We looked at them. We looked at their service records. Then we looked at each other. We swallowed our first lesson in how to send, on order, one's best men to some other organization. Certainly, in this case, few commanding officers had parted with their jewels. Some of these rough diamonds, we suspected from a comparison of dates, indeed, had been set in chevrons for our needs. There lay their records of battery punishments and courts martial. We pitied those distant, unknown commanders. If these were their best we shrank from picturing their days and nights with the worst. The audacity of the thing caught our imagination. There was, we felt, something to be had from it. They weren't all bad, by any means. Some bccame the most useful of soldiers.

Our medical department arrived about the same time, a worried-looking little group, that trudged through the dust, dodging piles of lumber. It was led by Lieutenant James B. Partamore, who later became captain, and for a time, regimental surgeon.

Lieutenant Dennis J. Cronin was assigned as 1st Battalion Surgeon, and Lieutenant Marshall A. Moore as 2nd Battalion Surgeon.

That very day Dr. Parramore constructed a table in Regimental Headquarters.

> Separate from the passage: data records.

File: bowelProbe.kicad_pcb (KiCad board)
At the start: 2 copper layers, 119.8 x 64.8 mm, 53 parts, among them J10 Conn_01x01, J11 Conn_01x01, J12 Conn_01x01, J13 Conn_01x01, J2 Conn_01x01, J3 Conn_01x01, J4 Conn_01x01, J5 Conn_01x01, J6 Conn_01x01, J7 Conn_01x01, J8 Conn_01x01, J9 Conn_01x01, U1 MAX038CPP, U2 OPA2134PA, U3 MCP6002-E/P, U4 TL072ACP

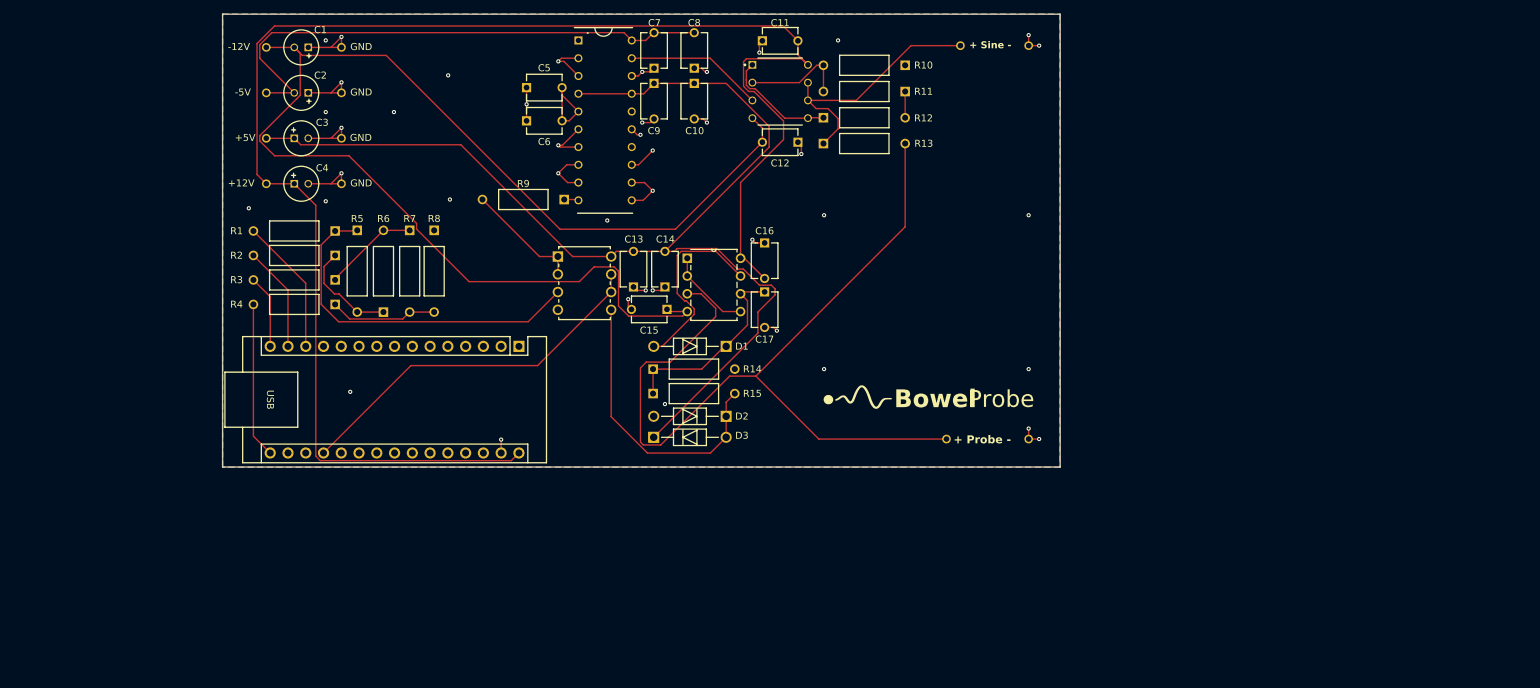
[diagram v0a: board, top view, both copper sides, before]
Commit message: Finished Electronic Schematic, Awaiting Finalizations and Review
Added many symbols, footprints, and 3d models. Organized design into functional blocks.

Still need finalized plans and footprints for "demo".

Next Steps:
 - Finalize "demo" subciruit
 - Review schematic

- Move on to layout

- Make code for full device operation
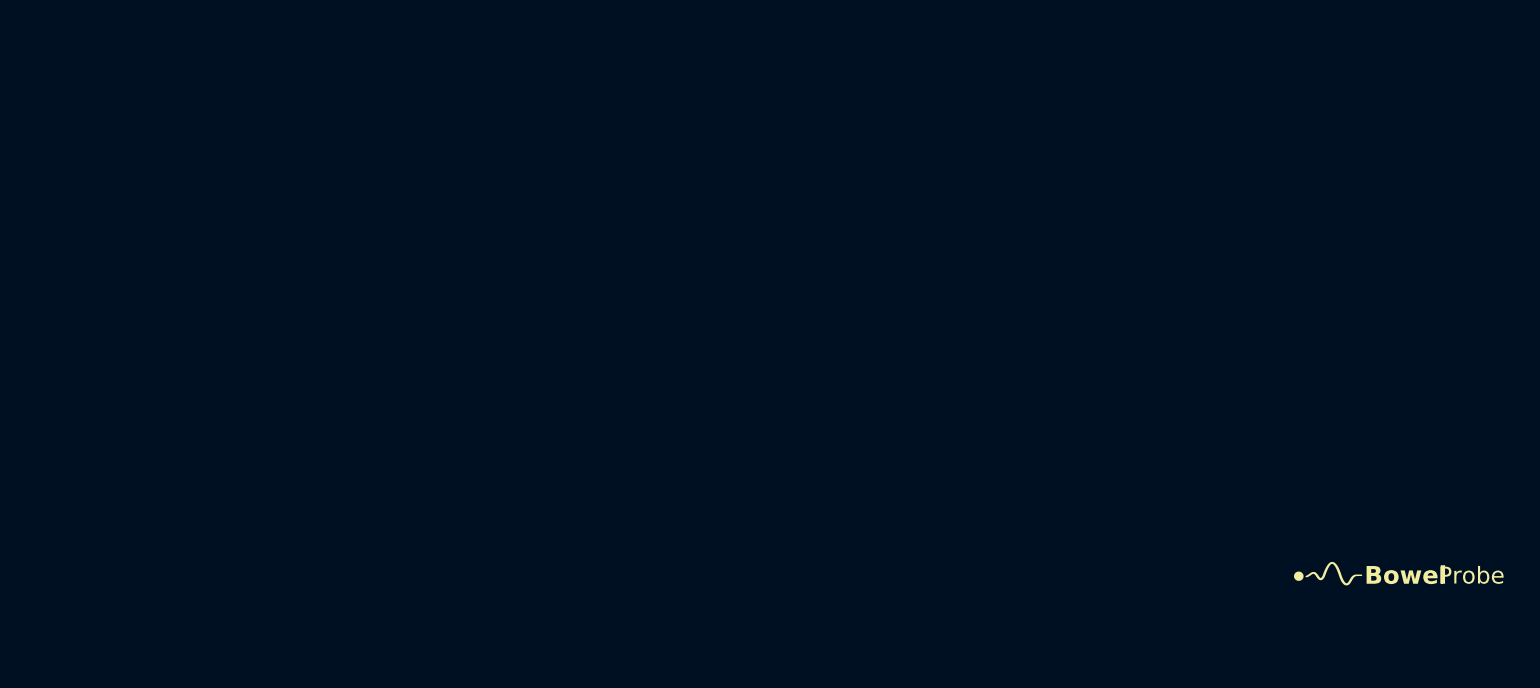
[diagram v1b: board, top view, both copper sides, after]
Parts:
- removed A1: Arduino_Nano_v2.x, Module:Arduino_Nano
- removed C1, C2, C3, C4: 10u, BowelProbe:Capacitor-10u
- removed C10, C14, C8: 1u, BowelProbe:Capacitor-10n
- removed C11, C12, C13, C15, C16, C17: 0.1u, BowelProbe:Capacitor-10n
- removed C5, C6: 10n, BowelProbe:Capacitor-10n
- removed C7, C9: 1n, BowelProbe:Capacitor-10n
- removed D1, D2, D3: DIOAD1036W78L470D235, BowelProbe:1N5817
- removed J10, J11: Conn_01x01, BowelProbe:CT3149-5
- removed J12, J13, J3, J4, J6, J8: Conn_01x01, BowelProbe:CT3149-0
- removed J2, J5, J7, J9: Conn_01x01, BowelProbe:CT3149-2
- removed R1, R11, R12, R2, R3, R4, R8: 20k, BowelProbe:Resistor-20k
- removed R10, R5, R6, R7: 10k, BowelProbe:Resistor-20k
- removed R13: 100, BowelProbe:Resistor-20k
- removed R14: 300k, BowelProbe:Resistor-20k
- removed R15: 1k, BowelProbe:Resistor-20k
- removed R9: 25k, BowelProbe:Resistor-20k
- removed U1: MAX038CPP, BowelProbe:MAX038CPP
- removed U2: OPA2134PA, BowelProbe:DIP794W45P254L959H508Q8
- removed U3: MCP6002-E/P, BowelProbe:PDIP8_300MC_MCH
- removed U4: TL072ACP, BowelProbe:P8
- moved G*** 71.8 mm to (249.1, 115.0)
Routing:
- net Net-(A1-VIN): track 225.7 -> 0.00 mm
- net Net-(J5-Pin_1): track 186.9 -> 0.00 mm
- net Net-(D3-K): track 165.5 -> 0.00 mm
- net Net-(J10-Pin_1): track 124.7 -> 0.00 mm
- net GND: track 101.9 -> 0.00 mm, vias 42 -> 0
- net Net-(J2-Pin_1): track 76.7 -> 0.00 mm
- net Net-(A1-A0): track 53.2 -> 0.00 mm
- net Net-(R1-Pad1): track 51.1 -> 0.00 mm
- net Net-(D2-K): track 41.6 -> 0.00 mm
- net Net-(J12-Pin_1): track 37.4 -> 0.00 mm
- net Net-(D1-K): track 28.0 -> 0.00 mm
- net Net-(D1-A): track 28.0 -> 0.00 mm
- net Net-(A1-D13): track 22.2 -> 0.00 mm
- net Net-(U1-OUT): track 19.7 -> 0.00 mm
- net Net-(A1-D10): track 19.6 -> 0.00 mm
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- removed copper zone on B.Cu, net GND
- removed copper zone on F.Cu, net GND
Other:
- board outline removed
- board text removed: "+ Probe -"
- board text removed: "+ Sine -"
- board text removed: "+12V"
- board text removed: "+5V"
- board text removed: "-12V"
- board text removed: "-5V"
- board text removed: "GND"

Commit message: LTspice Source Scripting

He placed upon it with proud gestures a tin of alcohol, a demijohn of castor oil, a few assorted pills, and gallons, literally, of iodine. He announced himself open for business.

Business, fortunately, was dull, so the adjutant reached out for Parramore's enlisted personnel, sat them on a bench in the hall, and—Behold!—for the first time Regimental Headquarters had orderlies. There was no doubt about it. We were growing.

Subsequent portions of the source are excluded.